**The input:**
========

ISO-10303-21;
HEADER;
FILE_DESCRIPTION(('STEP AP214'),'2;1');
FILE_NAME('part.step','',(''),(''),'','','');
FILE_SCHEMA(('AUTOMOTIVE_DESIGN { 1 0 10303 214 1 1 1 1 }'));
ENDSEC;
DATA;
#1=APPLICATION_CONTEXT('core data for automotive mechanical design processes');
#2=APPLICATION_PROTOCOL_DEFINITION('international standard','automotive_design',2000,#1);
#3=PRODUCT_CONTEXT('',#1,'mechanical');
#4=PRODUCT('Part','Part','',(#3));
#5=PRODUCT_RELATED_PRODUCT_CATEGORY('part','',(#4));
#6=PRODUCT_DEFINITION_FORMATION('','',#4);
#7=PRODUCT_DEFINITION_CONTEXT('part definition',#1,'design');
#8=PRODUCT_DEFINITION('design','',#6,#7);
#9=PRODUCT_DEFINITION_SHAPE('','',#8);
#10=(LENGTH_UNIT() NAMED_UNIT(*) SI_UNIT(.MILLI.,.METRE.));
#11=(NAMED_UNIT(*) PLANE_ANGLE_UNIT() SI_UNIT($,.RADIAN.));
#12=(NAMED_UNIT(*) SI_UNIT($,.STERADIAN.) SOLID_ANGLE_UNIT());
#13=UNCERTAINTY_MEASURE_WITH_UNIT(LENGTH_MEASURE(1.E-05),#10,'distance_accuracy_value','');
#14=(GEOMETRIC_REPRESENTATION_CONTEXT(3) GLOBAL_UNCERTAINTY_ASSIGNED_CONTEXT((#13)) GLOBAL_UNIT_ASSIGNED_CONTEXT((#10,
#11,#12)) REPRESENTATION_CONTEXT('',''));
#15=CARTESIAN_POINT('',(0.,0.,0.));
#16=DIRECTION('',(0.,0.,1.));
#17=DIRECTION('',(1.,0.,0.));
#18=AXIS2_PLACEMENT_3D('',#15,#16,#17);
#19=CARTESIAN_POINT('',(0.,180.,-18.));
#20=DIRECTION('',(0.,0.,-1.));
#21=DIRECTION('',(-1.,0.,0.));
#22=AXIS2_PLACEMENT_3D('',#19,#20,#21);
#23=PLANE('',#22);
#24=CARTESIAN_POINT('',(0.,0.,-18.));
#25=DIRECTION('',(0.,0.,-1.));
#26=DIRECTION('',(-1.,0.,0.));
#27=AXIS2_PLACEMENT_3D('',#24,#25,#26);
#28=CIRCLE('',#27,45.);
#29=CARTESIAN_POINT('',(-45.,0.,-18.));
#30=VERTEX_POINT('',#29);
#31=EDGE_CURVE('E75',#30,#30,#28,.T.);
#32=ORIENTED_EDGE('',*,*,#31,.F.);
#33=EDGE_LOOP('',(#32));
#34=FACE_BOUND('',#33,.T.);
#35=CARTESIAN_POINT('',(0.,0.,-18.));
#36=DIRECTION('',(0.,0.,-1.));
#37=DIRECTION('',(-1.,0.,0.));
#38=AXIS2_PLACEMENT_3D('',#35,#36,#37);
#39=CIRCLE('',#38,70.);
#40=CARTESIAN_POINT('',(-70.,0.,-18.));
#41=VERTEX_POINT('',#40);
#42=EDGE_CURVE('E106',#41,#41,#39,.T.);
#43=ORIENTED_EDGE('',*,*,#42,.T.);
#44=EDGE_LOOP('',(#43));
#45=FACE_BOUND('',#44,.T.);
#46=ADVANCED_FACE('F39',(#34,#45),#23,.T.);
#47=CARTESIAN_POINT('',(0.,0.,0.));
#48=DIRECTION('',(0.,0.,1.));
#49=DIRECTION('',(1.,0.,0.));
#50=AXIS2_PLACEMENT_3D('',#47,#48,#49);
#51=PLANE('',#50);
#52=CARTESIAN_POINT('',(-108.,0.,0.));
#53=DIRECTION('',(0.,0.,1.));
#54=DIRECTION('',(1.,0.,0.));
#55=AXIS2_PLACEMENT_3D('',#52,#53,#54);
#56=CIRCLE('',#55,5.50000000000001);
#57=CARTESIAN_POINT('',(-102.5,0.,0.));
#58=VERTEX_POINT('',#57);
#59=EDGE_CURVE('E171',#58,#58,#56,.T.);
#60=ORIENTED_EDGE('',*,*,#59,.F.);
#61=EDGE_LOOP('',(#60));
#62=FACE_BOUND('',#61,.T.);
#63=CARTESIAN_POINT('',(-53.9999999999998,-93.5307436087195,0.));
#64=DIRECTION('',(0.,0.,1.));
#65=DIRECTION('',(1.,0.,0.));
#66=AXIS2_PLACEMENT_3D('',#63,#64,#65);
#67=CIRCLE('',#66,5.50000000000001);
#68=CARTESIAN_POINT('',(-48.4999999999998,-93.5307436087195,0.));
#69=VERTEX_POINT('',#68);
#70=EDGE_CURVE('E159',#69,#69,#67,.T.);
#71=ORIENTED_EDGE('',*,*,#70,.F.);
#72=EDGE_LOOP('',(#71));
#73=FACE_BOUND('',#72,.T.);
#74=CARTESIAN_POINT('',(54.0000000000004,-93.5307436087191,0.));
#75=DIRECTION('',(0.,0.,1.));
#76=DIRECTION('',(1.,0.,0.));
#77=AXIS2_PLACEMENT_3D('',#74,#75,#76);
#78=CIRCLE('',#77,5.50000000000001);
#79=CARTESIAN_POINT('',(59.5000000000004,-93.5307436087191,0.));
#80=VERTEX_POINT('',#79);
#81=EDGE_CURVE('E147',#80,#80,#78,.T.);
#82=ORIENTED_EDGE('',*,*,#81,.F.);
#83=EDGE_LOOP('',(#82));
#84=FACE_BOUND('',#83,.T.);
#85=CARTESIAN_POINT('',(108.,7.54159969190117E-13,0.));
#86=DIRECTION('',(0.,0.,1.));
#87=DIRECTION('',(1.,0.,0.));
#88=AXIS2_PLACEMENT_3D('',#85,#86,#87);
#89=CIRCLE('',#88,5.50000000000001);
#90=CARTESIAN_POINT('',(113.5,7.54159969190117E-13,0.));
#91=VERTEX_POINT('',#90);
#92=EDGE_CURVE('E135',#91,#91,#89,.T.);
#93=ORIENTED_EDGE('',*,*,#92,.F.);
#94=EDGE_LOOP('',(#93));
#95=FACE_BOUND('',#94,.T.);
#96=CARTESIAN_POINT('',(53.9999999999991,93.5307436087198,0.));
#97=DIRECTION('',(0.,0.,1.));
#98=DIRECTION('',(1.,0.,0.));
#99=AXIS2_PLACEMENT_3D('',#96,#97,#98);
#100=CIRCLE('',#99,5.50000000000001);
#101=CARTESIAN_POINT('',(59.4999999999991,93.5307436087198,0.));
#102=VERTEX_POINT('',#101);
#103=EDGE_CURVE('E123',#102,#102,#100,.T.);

========

**Problem requirements:** Each line above from the one with "#77=AXIS2_PLACEMENT_3D('',#74,#75,#76);" up to and including the one with "#98=DIRECTION('',(1.,0.,0.));" must be set down exactly, and no line outside that span may appear.

**Response box:**
#77=AXIS2_PLACEMENT_3D('',#74,#75,#76);
#78=CIRCLE('',#77,5.50000000000001);
#79=CARTESIAN_POINT('',(59.5000000000004,-93.5307436087191,0.));
#80=VERTEX_POINT('',#79);
#81=EDGE_CURVE('E147',#80,#80,#78,.T.);
#82=ORIENTED_EDGE('',*,*,#81,.F.);
#83=EDGE_LOOP('',(#82));
#84=FACE_BOUND('',#83,.T.);
#85=CARTESIAN_POINT('',(108.,7.54159969190117E-13,0.));
#86=DIRECTION('',(0.,0.,1.));
#87=DIRECTION('',(1.,0.,0.));
#88=AXIS2_PLACEMENT_3D('',#85,#86,#87);
#89=CIRCLE('',#88,5.50000000000001);
#90=CARTESIAN_POINT('',(113.5,7.54159969190117E-13,0.));
#91=VERTEX_POINT('',#90);
#92=EDGE_CURVE('E135',#91,#91,#89,.T.);
#93=ORIENTED_EDGE('',*,*,#92,.F.);
#94=EDGE_LOOP('',(#93));
#95=FACE_BOUND('',#94,.T.);
#96=CARTESIAN_POINT('',(53.9999999999991,93.5307436087198,0.));
#97=DIRECTION('',(0.,0.,1.));
#98=DIRECTION('',(1.,0.,0.));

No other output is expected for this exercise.